I would actually love to see Mr. Rooney do something in an international match besides getting himself ejected.

WPG


----------



## Sean Sweeney (Apr 17, 2010)

I'm just glad the Van Persie saga is over. He gave us only one great season, and Fergie overpaid for him. Good riddance.


----------



## BTackitt (Dec 15, 2008)

As soon as I saw the thread title I knew you had started it Fitchy. Gave me a grin. More-so than soccer does.


----------



## Sean Sweeney (Apr 17, 2010)

BTackitt said:


> As soon as I saw the thread title I knew you had started it Fitchy. Gave me a grin. More-so than soccer does.


 Hi Bev. You should watch the match tomorrow morning, 10 am ET. Arsenal v Sunderland. ESPN.


----------



## CoraBuhlert (Aug 7, 2011)

Is the Premier League already playing then? Cause Bundesliga doesn't start up again until next weekend.


----------



## Sean Sweeney (Apr 17, 2010)

Yep, they start today. England starts a week early.


----------



## BTackitt (Dec 15, 2008)

Flying home today means more to me than watching soccer Sean. 6 days shy of 3 months being away..


----------



## Sean Patrick Fox (Dec 3, 2011)

Arsenal v Sunderland on ESPN. Can't wait for the season (even though my team was relegated).


----------



## Ann in Arlington (Oct 27, 2008)

Sorry. . . .not really paying much attention to anything but baseball just now.  Don't even care much about RGIII -- I'll pay attention to the Redskins when the Nationals stop playing . . . .  . which based on recent performance shouldn't be before the middle of October. . . . .yay for a post-season!   Woo Hoo!


----------



## Sean Sweeney (Apr 17, 2010)

Wrong football, Ann.


----------



## Flopstick (Jul 19, 2011)

Thank God. After the Euros, we had the Olympics to keep us going, then they finished - but now we have a whole new season to enjoy! Some mad results this weekend though, which is what we like.


----------



## derek alvah (Jul 2, 2010)

Eager to see how Liverpool does under Brendan Rogers. I've only seen one of the preseason friendly games, but it seems like he has them moving the ball a lot better and using an actual plan to get the ball near the goal instead of just kicking it down there and hoping Suarez or Carroll can get it in. Getting ready to watch their first game against West Brom on soccer2go right now. I miss most of the games due to work and have to catch up this way. Luckily not many people I work with watch English football. Not expecting a miracle right off the bat, but hope they do better this season. Then I'll watch and see how Newcastle did.


----------



## derek alvah (Jul 2, 2010)

Siiiggghhh. The Reds are a work in progress. 0-3. Some sloppy passes and fouls (couple of them shouldn't have been called) cost them. Suarez was great at ALMOST scoring though. We'll see. Didn't really feel like watching the Newcastle game but I understand they won.


----------



## Sean Sweeney (Apr 17, 2010)

Arsenal just couldn't finish. I hope Saturday was not a harbinger of things to come.
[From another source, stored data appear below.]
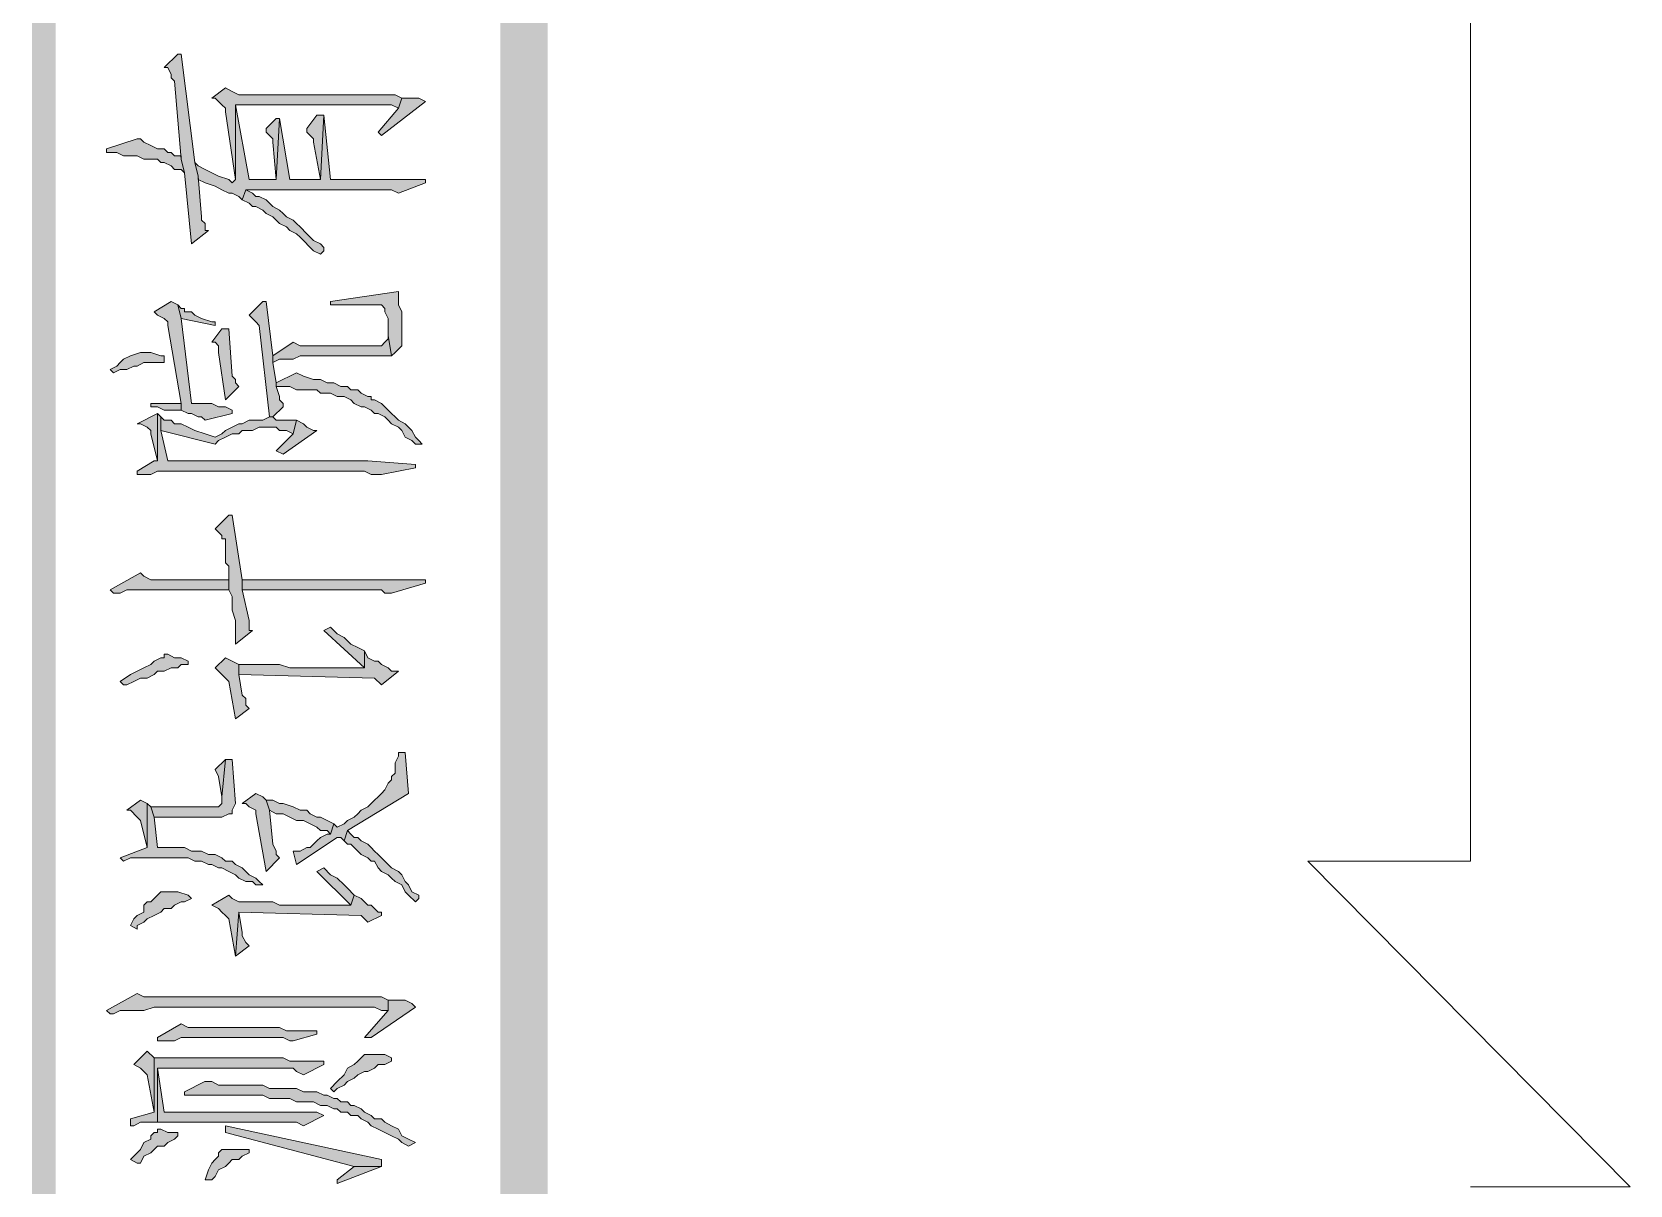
# Model space of a CAD drawing. Header units: millimetres. Extents: x 24 to 410, y 10 to 282.
# Drawn here: x 23.96 to 43.9, y 174.77 to 189.17 of the extents above; entities that cross this region are included whole.
import ezdxf

# ---------------------------------------------------------------- set-up
doc = ezdxf.new("R2010")
doc.units = ezdxf.units.MM

msp = doc.modelspace()

# ---------------------------------------------------------------- hatches: boundary and pattern name
h = msp.add_hatch(color=7)
h.dxf.hatch_style = 2
h.paths.add_polyline_path([(30.395333, 281.643667), (29.802667, 282.236333), (30.395333, 10.244667)])
h = msp.add_hatch(color=7)
h.dxf.hatch_style = 2
h.paths.add_polyline_path([(29.802667, 282.236333), (30.395333, 10.244667), (29.802667, 9.652)])
h = msp.add_hatch(color=7)
h.dxf.hatch_style = 2
h.paths.add_polyline_path([(24.257, 281.94), (23.960667, 281.94), (24.257, 55.837667)])
h = msp.add_hatch(color=7)
h.dxf.hatch_style = 2
h.paths.add_polyline_path([(23.960667, 281.94), (24.257, 55.837667), (23.960667, 55.837667)])
h = msp.add_hatch(color=7)
h.dxf.hatch_style = 2
h.paths.add_polyline_path([(25.611667, 188.722), (25.654, 188.722), (25.696333, 188.637333), (25.696333, 188.595), (25.738667, 188.552667), (25.823333, 187.579), (25.865667, 187.409667), (25.950333, 186.520667), (26.162, 186.69), (26.119667, 186.69), (26.119667, 186.774667), (26.077333, 186.817), (26.077333, 186.859333), (26.035, 187.367333), (25.992667, 187.536667), (25.823333, 188.891333), (25.781, 188.891333)])
h = msp.add_hatch(color=7)
h.dxf.hatch_style = 2
h.paths.add_polyline_path([(26.204333, 188.341), (26.246667, 188.341), (26.331333, 188.256333), (26.373667, 188.214), (26.373667, 188.171667), (26.500667, 187.325), (26.500667, 188.256333), (28.278667, 188.256333), (28.448, 188.256333), (28.532667, 188.214), (28.575, 188.341), (28.490333, 188.383333), (27.008667, 188.383333), (26.966333, 188.383333), (26.543, 188.383333), (26.458333, 188.425667), (26.373667, 188.468)])
h = msp.add_hatch(color=7)
h.dxf.hatch_style = 2
h.paths.add_polyline_path([(25.992702, 187.536667), (26.035035, 187.367333), (26.035035, 187.325), (26.119702, 187.282667), (26.246702, 187.240333), (26.331369, 187.198), (26.416035, 187.155667), (26.458369, 187.155667), (26.543035, 187.113333), (26.585369, 187.071), (26.627702, 187.198), (27.770702, 187.198), (27.897702, 187.198), (28.448035, 187.198), (28.532702, 187.155667), (28.871369, 187.282667), (28.871369, 187.325), (28.321035, 187.325), (27.686035, 187.325), (27.601369, 188.129333), (27.559035, 187.325), (27.178035, 187.325), (27.051035, 188.087), (27.008702, 187.325), (26.670035, 187.325), (26.500702, 188.256333), (26.500702, 187.325), (26.458369, 187.282667), (26.416035, 187.325), (26.289035, 187.367333), (26.204369, 187.409667), (26.119702, 187.452), (26.035035, 187.494333)])
h = msp.add_hatch(color=7)
h.dxf.hatch_style = 2
h.paths.add_polyline_path([(28.278667, 187.917667), (28.321, 187.875333), (28.871333, 188.298667), (28.786667, 188.341), (28.575, 188.341), (28.532667, 188.214)])
h = msp.add_hatch(color=7)
h.dxf.hatch_style = 2
h.paths.add_polyline_path([(26.881667, 187.96), (26.881667, 187.917667), (26.924, 187.875333), (26.966333, 187.833), (26.966333, 187.790667), (27.008667, 187.325), (27.051, 188.087), (27.008667, 188.087)])
h = msp.add_hatch(color=7)
h.dxf.hatch_style = 2
h.paths.add_polyline_path([(27.389667, 187.96), (27.389667, 187.917667), (27.432, 187.875333), (27.474333, 187.833), (27.474333, 187.790667), (27.559, 187.325), (27.601333, 188.129333), (27.516667, 188.129333)])
h = msp.add_hatch(color=7)
h.dxf.hatch_style = 2
h.paths.add_polyline_path([(24.892035, 187.706), (24.892035, 187.663667), (24.934369, 187.663667), (25.019035, 187.663667), (25.103702, 187.621333), (25.273035, 187.621333), (25.357702, 187.579), (25.527035, 187.579), (25.569369, 187.536667), (25.611702, 187.536667), (25.696369, 187.494333), (25.738702, 187.452), (25.823369, 187.452), (25.865702, 187.409667), (25.823369, 187.579), (25.823369, 187.621333), (25.738702, 187.621333), (25.696369, 187.663667), (25.654035, 187.663667), (25.611702, 187.706), (25.527035, 187.706), (25.442369, 187.748333), (25.357702, 187.790667), (25.315369, 187.833), (25.273035, 187.833)])
h = msp.add_hatch(color=7)
h.dxf.hatch_style = 2
h.paths.add_polyline_path([(26.585333, 187.071), (26.67, 187.028667), (26.712333, 186.986333), (26.754667, 186.986333), (26.839333, 186.944), (26.881667, 186.901667), (26.966333, 186.859333), (27.008667, 186.817), (27.051, 186.774667), (27.135667, 186.732333), (27.178, 186.69), (27.262667, 186.647667), (27.305, 186.605333), (27.347333, 186.563), (27.432, 186.478333), (27.474333, 186.436), (27.559, 186.393667), (27.601333, 186.436), (27.601333, 186.478333), (27.559, 186.520667), (27.474333, 186.563), (27.432, 186.605333), (27.389667, 186.647667), (27.305, 186.732333), (27.262667, 186.774667), (27.220333, 186.817), (27.135667, 186.859333), (27.093333, 186.901667), (27.051, 186.944), (26.966333, 186.986333), (26.924, 187.028667), (26.881667, 187.071), (26.797, 187.113333), (26.754667, 187.113333), (26.712333, 187.155667), (26.627667, 187.198)])
h = msp.add_hatch(color=7)
h.dxf.hatch_style = 2
h.paths.add_polyline_path([(27.686, 185.801), (27.686, 185.758667), (27.813, 185.758667), (28.321, 185.758667), (28.363333, 185.716333), (28.363333, 185.674), (28.405667, 185.589333), (28.405667, 185.377667), (28.448, 185.123667), (28.490333, 185.166), (28.532667, 185.208333), (28.575, 185.250667), (28.575, 185.674), (28.532667, 185.758667), (28.532667, 185.801), (28.532667, 185.885667), (28.532667, 185.928)])
h = msp.add_hatch(color=7)
h.dxf.hatch_style = 2
h.paths.add_polyline_path([(25.484667, 185.674), (25.527, 185.631667), (25.611667, 185.589333), (25.654, 185.547), (25.654, 185.504667), (25.823333, 184.531), (25.823333, 184.446333), (25.908, 184.404), (25.950333, 184.404), (26.035, 184.361667), (26.077333, 184.361667), (26.119667, 184.319333), (26.458333, 184.404), (26.458333, 184.446333), (26.373667, 184.488667), (26.289, 184.488667), (26.204333, 184.531), (25.950333, 184.531), (25.823333, 185.589333), (25.781, 185.758667), (25.696333, 185.801)])
h = msp.add_hatch(color=7)
h.dxf.hatch_style = 2
h.paths.add_polyline_path([(25.781, 185.758667), (25.823333, 185.589333), (26.246667, 185.504667), (26.246667, 185.547), (26.204333, 185.547), (26.077333, 185.589333), (25.992667, 185.631667), (25.950333, 185.674), (25.865667, 185.674), (25.865667, 185.716333), (25.823333, 185.716333)])
h = msp.add_hatch(color=7)
h.dxf.hatch_style = 2
h.paths.add_polyline_path([(26.67, 185.631667), (26.712333, 185.589333), (26.754667, 185.547), (26.797, 185.504667), (26.924, 184.361667), (26.966333, 184.361667), (27.093333, 184.488667), (27.093333, 184.531), (27.051, 184.573333), (27.051, 184.615667), (27.008667, 184.742667), (27.008667, 184.785), (26.966333, 185.039), (26.966333, 185.123667), (26.881667, 185.801), (26.839333, 185.801)])
h = msp.add_hatch(color=7)
h.dxf.hatch_style = 2
h.paths.add_polyline_path([(26.204333, 185.293), (26.246667, 185.293), (26.289, 185.250667), (26.289, 185.166), (26.373667, 184.573333), (26.543, 184.742667), (26.500667, 184.785), (26.500667, 184.827333), (26.458333, 184.869667), (26.416, 185.462333), (26.331333, 185.462333)])
h = msp.add_hatch(color=7)
h.dxf.hatch_style = 2
h.paths.add_polyline_path([(26.966298, 185.123667), (26.966298, 185.039), (27.050965, 185.081333), (27.220298, 185.081333), (27.304965, 185.123667), (28.447965, 185.123667), (28.405631, 185.377667), (28.405631, 185.335333), (28.363298, 185.293), (28.320965, 185.250667), (27.389631, 185.250667), (27.304965, 185.250667), (27.220298, 185.293)])
h = msp.add_hatch(color=7)
h.dxf.hatch_style = 2
h.paths.add_polyline_path([(24.934369, 184.954333), (24.976702, 184.912), (25.061369, 184.954333), (25.146035, 184.954333), (25.230702, 184.996667), (25.273035, 184.996667), (25.357702, 185.039), (25.611702, 185.039), (25.611702, 185.123667), (25.569369, 185.123667), (25.442369, 185.166), (25.315369, 185.166), (25.188369, 185.123667), (25.103702, 185.081333), (25.061369, 185.039), (25.019035, 184.996667)])
h = msp.add_hatch(color=7)
h.dxf.hatch_style = 2
h.paths.add_polyline_path([(27.008702, 184.785), (27.008702, 184.742667), (27.093369, 184.742667), (27.178035, 184.742667), (27.262702, 184.700333), (27.516702, 184.700333), (27.559035, 184.658), (27.686035, 184.658), (27.770702, 184.615667), (27.855369, 184.615667), (27.940035, 184.573333), (27.982369, 184.531), (28.067035, 184.488667), (28.109369, 184.488667), (28.194035, 184.446333), (28.236369, 184.404), (28.278702, 184.404), (28.363369, 184.361667), (28.405702, 184.319333), (28.448035, 184.277), (28.532702, 184.234667), (28.575035, 184.192333), (28.617369, 184.107667), (28.702035, 184.065333), (28.744369, 184.023), (28.829035, 184.023), (28.786702, 184.065333), (28.744369, 184.107667), (28.702035, 184.192333), (28.659702, 184.234667), (28.617369, 184.277), (28.532702, 184.319333), (28.490369, 184.361667), (28.448035, 184.404), (28.405702, 184.446333), (28.363369, 184.488667), (28.321035, 184.531), (28.236369, 184.573333), (28.194035, 184.573333), (28.194035, 184.615667), (28.151702, 184.615667), (28.067035, 184.658), (28.024702, 184.700333), (27.940035, 184.700333), (27.897702, 184.742667), (27.813035, 184.742667), (27.728369, 184.785), (27.643702, 184.785), (27.559035, 184.827333), (27.474369, 184.827333), (27.347369, 184.869667), (27.262702, 184.912)])
h = msp.add_hatch(color=7)
h.dxf.hatch_style = 2
h.paths.add_polyline_path([(25.442333, 184.531), (25.442333, 184.488667), (25.527, 184.488667), (25.611667, 184.446333), (25.823333, 184.446333), (25.823333, 184.531)])
h = msp.add_hatch(color=7)
h.dxf.hatch_style = 2
h.paths.add_polyline_path([(25.273, 184.277), (25.315333, 184.277), (25.4, 184.234667), (25.442333, 184.192333), (25.442333, 184.15), (25.527, 183.811333), (25.527, 184.404)])
h = msp.add_hatch(color=7)
h.dxf.hatch_style = 2
h.paths.add_polyline_path([(25.273, 183.684333), (25.273, 183.642), (25.315333, 183.642), (25.442333, 183.642), (25.527, 183.684333), (27.347333, 183.684333), (27.474333, 183.684333), (28.109333, 183.684333), (28.194, 183.642), (28.321, 183.642), (28.744333, 183.726667), (28.744333, 183.769), (28.151667, 183.811333), (25.654, 183.811333), (25.569333, 184.192333), (25.569333, 184.361667), (25.527, 184.404), (25.527, 183.811333), (25.484667, 183.811333)])
h = msp.add_hatch(color=7)
h.dxf.hatch_style = 2
h.paths.add_polyline_path([(25.569333, 184.361667), (25.569333, 184.192333), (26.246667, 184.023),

Robin Van Benedict Arnold with no impact on Man United so far. *giggles*

Chelscum is Chelscum.

Liverpool played like rubbish, I understand. 

And Citeh were lucky.


----------



## Sean Sweeney (Apr 17, 2010)

Swansea has totally impressed me. Eight goals already this year?

Arsenal at Stoke in an hour. Need the victory.


----------



## Sean Patrick Fox (Dec 3, 2011)

That Arsenal side doesn't exactly inspire fear... Especially that defense. In attack they look dangerous, and Cazorla already looks like one of the buys of the season. Diaby shouldn't be more than a backup, same with Mertesacker, Jenkinson, and Gibbs.


----------



## Sean Sweeney (Apr 17, 2010)

Sean Patrick Fox said:


> That Arsenal side doesn't exactly inspire fear... Especially that defense. In attack they look dangerous, and Cazorla already looks like one of the buys of the season. Diaby shouldn't be more than a backup, same with Mertesacker, Jenkinson, and Gibbs.


My sentiments exactly, but does Wenger listen to me?


----------



## Sean Sweeney (Apr 17, 2010)

Stoke = out of the League Cup. I think they'll concentrate on the league now...


----------



## Sean Sweeney (Apr 17, 2010)

Time for week three... still can't believe Dempsey went to Spurs.


----------



## Rory Miller (Oct 21, 2010)

I've been coaching high school soccer again so my viewing time is limited to mostly keeping up with MLS. I've got one ear out for EPL though, even though I haven't watched any of the games. I have the new BeIn channel also, which means I can watch the following leagues:

MLS (ESPN, NBC, NBCSports)
North American Champions League (FoxSoccer, Ftura [spanish only])
Mexico (Ftura, Univision [both spanish language only])
Spain (BeIn)
Italy (BeIn)
France (BeIn)
English Championship (BeIn)
Champions League (Fox Soccer)

It all seems too much right now, maybe when I have some time I'll get to actually following again!


----------



## Sean Sweeney (Apr 17, 2010)

Arsenal-Coventry today... Citeh out of the League Cup (I guess they'll concentrate on the League now)... and Arsenal-Chelscum on Saturday morning.


----------